* [ASSIGNMENT]: Lines to restate from the data below: from the one containing "#140=VERTEX_POINT('',#139);" to the one containing "#157=PLANE('',#156);", both included. Give them again exactly, and only them.

[Dataset excerpts]
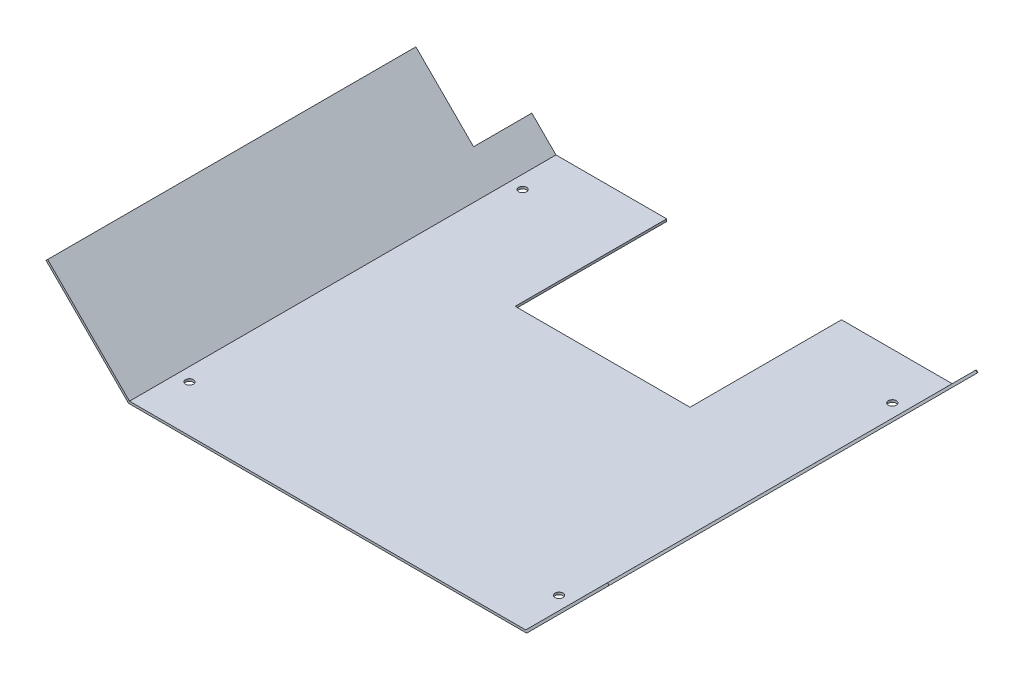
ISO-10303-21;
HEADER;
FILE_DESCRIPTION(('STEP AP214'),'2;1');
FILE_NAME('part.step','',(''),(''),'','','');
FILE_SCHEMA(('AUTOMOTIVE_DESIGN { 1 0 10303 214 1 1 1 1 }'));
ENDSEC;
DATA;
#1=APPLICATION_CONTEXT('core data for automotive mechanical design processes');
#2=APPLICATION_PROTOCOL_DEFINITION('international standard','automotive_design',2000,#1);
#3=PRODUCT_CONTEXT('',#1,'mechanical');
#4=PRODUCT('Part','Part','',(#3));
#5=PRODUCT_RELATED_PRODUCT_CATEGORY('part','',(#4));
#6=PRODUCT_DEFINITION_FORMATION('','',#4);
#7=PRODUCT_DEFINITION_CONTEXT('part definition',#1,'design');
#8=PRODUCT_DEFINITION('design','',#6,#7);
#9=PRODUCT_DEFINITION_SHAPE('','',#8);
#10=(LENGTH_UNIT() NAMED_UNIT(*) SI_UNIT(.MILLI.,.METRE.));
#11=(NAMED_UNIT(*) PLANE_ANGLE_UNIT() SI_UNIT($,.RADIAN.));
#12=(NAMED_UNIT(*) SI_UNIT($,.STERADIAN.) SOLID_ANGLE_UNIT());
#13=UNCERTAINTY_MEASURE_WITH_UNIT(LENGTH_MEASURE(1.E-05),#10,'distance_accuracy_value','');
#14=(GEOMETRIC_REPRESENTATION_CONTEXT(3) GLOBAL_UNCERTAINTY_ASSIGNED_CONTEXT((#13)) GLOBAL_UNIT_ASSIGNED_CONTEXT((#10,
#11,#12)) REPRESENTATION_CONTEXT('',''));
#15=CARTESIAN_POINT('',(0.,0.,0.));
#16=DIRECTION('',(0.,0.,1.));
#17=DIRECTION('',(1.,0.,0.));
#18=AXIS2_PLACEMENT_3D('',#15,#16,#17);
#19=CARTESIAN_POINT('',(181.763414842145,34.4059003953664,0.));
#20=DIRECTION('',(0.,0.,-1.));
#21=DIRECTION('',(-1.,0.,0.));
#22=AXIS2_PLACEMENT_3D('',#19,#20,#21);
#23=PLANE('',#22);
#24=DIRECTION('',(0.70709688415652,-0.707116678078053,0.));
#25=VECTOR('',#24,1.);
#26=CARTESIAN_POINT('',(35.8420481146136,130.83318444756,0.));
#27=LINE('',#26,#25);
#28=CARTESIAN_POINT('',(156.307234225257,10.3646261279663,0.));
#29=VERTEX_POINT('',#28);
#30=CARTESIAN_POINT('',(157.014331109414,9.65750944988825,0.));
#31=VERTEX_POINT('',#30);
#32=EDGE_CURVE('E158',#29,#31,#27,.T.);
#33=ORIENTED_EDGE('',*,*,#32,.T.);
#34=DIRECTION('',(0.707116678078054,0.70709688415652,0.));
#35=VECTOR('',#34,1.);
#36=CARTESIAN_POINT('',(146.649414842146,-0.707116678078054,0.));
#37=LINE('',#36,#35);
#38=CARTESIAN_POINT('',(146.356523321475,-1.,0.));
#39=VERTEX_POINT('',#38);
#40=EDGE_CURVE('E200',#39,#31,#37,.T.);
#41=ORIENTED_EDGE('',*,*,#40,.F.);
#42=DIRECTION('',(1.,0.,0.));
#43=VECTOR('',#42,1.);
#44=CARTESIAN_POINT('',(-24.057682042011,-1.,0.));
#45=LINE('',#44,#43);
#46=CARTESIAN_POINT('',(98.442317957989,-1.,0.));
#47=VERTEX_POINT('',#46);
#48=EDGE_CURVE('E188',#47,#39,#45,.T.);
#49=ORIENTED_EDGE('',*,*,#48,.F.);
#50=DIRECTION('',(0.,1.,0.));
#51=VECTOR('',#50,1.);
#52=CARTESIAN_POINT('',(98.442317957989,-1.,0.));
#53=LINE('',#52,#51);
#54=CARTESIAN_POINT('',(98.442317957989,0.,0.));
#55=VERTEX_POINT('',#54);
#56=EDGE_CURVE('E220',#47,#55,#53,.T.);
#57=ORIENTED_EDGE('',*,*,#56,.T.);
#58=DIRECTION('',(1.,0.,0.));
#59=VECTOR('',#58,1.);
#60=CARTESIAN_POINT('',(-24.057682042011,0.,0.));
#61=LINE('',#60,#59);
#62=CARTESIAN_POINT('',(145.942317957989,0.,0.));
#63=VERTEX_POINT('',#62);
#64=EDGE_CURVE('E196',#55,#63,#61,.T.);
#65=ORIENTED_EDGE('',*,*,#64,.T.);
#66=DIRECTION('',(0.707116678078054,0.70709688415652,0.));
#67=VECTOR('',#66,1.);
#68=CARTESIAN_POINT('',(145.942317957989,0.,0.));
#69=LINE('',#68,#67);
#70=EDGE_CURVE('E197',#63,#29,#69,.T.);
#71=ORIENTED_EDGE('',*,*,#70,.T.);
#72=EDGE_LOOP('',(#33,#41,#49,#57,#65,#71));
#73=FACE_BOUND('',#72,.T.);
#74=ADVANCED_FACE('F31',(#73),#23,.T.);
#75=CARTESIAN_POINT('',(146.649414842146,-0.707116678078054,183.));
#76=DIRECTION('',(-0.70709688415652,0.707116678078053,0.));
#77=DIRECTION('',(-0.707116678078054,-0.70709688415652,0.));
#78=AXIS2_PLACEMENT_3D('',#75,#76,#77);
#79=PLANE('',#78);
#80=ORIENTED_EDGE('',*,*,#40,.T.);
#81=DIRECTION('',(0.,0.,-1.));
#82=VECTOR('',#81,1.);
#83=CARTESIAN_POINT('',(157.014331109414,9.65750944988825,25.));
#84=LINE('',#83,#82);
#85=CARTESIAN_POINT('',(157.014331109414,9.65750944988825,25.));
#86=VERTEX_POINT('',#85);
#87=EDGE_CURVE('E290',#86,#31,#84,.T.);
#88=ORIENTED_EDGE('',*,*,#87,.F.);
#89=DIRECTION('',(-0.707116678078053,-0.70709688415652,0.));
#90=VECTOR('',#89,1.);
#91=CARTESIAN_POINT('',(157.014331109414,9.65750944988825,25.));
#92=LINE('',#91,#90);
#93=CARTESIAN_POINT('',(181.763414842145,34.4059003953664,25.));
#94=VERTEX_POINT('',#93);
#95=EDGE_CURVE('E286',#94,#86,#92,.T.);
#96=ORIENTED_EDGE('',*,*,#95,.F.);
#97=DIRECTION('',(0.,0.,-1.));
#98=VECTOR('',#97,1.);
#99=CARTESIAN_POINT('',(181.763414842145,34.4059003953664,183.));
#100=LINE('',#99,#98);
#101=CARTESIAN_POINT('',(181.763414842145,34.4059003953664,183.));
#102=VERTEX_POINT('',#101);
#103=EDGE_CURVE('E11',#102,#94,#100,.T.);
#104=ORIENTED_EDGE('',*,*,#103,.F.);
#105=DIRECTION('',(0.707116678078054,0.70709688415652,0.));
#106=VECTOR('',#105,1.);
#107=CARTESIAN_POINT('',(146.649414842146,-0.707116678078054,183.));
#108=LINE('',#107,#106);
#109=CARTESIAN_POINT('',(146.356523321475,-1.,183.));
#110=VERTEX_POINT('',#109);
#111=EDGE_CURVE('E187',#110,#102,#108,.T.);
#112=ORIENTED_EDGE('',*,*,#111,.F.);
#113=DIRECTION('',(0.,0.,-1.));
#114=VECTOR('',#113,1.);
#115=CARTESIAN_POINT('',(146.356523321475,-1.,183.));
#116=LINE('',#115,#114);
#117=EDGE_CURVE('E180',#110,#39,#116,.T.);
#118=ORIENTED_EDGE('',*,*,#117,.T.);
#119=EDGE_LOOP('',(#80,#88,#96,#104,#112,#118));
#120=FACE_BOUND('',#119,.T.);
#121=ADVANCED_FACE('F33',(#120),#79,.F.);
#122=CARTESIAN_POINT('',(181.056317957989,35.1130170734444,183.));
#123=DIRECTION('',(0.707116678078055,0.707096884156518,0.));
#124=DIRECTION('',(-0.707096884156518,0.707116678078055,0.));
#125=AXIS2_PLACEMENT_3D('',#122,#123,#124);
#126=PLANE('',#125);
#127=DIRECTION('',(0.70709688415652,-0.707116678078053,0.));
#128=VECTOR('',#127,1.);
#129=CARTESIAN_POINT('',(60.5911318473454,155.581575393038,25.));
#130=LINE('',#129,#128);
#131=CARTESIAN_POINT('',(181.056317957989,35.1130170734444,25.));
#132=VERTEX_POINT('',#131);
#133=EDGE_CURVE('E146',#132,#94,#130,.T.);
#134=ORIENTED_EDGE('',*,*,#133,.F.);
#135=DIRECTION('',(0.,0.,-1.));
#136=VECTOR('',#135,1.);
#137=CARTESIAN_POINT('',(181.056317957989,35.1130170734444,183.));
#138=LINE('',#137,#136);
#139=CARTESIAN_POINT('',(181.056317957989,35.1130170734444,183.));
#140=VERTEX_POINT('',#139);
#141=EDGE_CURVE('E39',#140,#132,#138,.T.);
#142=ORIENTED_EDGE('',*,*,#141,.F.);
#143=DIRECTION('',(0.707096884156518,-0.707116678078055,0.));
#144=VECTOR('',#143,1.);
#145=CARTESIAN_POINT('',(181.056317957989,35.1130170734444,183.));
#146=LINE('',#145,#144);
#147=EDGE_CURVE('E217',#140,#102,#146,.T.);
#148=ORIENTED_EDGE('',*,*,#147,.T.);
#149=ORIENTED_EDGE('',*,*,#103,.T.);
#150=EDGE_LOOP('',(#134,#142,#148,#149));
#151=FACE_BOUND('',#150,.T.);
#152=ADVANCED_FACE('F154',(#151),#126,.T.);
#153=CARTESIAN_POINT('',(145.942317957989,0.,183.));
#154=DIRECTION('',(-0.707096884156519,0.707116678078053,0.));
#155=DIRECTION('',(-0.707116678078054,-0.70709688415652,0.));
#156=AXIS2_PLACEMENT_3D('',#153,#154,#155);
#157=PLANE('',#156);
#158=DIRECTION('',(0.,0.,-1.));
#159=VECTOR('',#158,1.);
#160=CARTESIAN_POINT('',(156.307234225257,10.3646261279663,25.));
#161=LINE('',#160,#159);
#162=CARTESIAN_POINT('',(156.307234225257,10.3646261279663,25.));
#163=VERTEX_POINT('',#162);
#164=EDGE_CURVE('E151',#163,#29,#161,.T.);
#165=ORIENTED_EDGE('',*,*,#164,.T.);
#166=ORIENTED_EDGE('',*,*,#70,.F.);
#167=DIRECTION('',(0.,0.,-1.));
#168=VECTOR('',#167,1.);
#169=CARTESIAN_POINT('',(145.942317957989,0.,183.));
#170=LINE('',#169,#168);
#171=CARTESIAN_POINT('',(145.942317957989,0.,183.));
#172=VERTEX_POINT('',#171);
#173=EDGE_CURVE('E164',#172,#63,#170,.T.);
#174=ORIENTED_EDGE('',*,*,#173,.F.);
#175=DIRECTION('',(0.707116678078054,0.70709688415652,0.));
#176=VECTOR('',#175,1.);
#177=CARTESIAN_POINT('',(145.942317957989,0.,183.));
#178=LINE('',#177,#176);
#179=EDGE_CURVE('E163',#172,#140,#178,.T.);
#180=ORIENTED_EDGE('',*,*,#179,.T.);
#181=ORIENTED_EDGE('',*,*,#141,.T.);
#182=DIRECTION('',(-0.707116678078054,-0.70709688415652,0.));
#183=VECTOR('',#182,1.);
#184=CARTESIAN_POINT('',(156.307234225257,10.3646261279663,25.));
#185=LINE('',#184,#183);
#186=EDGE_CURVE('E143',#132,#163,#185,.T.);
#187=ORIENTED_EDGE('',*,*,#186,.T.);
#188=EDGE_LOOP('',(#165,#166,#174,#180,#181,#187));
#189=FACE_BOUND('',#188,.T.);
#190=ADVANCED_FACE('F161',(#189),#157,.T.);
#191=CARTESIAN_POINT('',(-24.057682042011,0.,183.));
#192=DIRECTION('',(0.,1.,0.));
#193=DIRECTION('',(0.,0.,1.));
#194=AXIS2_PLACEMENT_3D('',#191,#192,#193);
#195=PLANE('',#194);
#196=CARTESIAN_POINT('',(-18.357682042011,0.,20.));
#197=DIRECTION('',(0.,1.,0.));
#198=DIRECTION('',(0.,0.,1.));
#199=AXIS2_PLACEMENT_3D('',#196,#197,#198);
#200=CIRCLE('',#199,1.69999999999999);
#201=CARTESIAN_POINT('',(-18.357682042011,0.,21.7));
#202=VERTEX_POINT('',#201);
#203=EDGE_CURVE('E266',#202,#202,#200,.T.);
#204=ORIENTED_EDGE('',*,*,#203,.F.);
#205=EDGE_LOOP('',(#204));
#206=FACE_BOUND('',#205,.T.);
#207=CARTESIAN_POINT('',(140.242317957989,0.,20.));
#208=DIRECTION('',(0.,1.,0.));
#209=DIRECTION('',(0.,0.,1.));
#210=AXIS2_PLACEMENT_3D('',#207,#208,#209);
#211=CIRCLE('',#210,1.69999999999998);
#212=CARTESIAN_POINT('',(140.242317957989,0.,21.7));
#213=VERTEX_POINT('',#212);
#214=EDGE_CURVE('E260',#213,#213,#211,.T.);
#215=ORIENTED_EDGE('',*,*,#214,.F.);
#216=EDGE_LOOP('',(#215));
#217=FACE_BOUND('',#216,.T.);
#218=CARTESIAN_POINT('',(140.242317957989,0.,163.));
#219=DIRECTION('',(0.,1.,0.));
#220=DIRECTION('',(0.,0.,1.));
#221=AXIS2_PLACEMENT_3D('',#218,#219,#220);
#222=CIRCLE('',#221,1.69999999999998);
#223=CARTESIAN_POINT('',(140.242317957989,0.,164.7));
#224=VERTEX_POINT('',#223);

* [OUTPUT OF THE EXERCISE]:
#140=VERTEX_POINT('',#139);
#141=EDGE_CURVE('E39',#140,#132,#138,.T.);
#142=ORIENTED_EDGE('',*,*,#141,.F.);
#143=DIRECTION('',(0.707096884156518,-0.707116678078055,0.));
#144=VECTOR('',#143,1.);
#145=CARTESIAN_POINT('',(181.056317957989,35.1130170734444,183.));
#146=LINE('',#145,#144);
#147=EDGE_CURVE('E217',#140,#102,#146,.T.);
#148=ORIENTED_EDGE('',*,*,#147,.T.);
#149=ORIENTED_EDGE('',*,*,#103,.T.);
#150=EDGE_LOOP('',(#134,#142,#148,#149));
#151=FACE_BOUND('',#150,.T.);
#152=ADVANCED_FACE('F154',(#151),#126,.T.);
#153=CARTESIAN_POINT('',(145.942317957989,0.,183.));
#154=DIRECTION('',(-0.707096884156519,0.707116678078053,0.));
#155=DIRECTION('',(-0.707116678078054,-0.70709688415652,0.));
#156=AXIS2_PLACEMENT_3D('',#153,#154,#155);
#157=PLANE('',#156);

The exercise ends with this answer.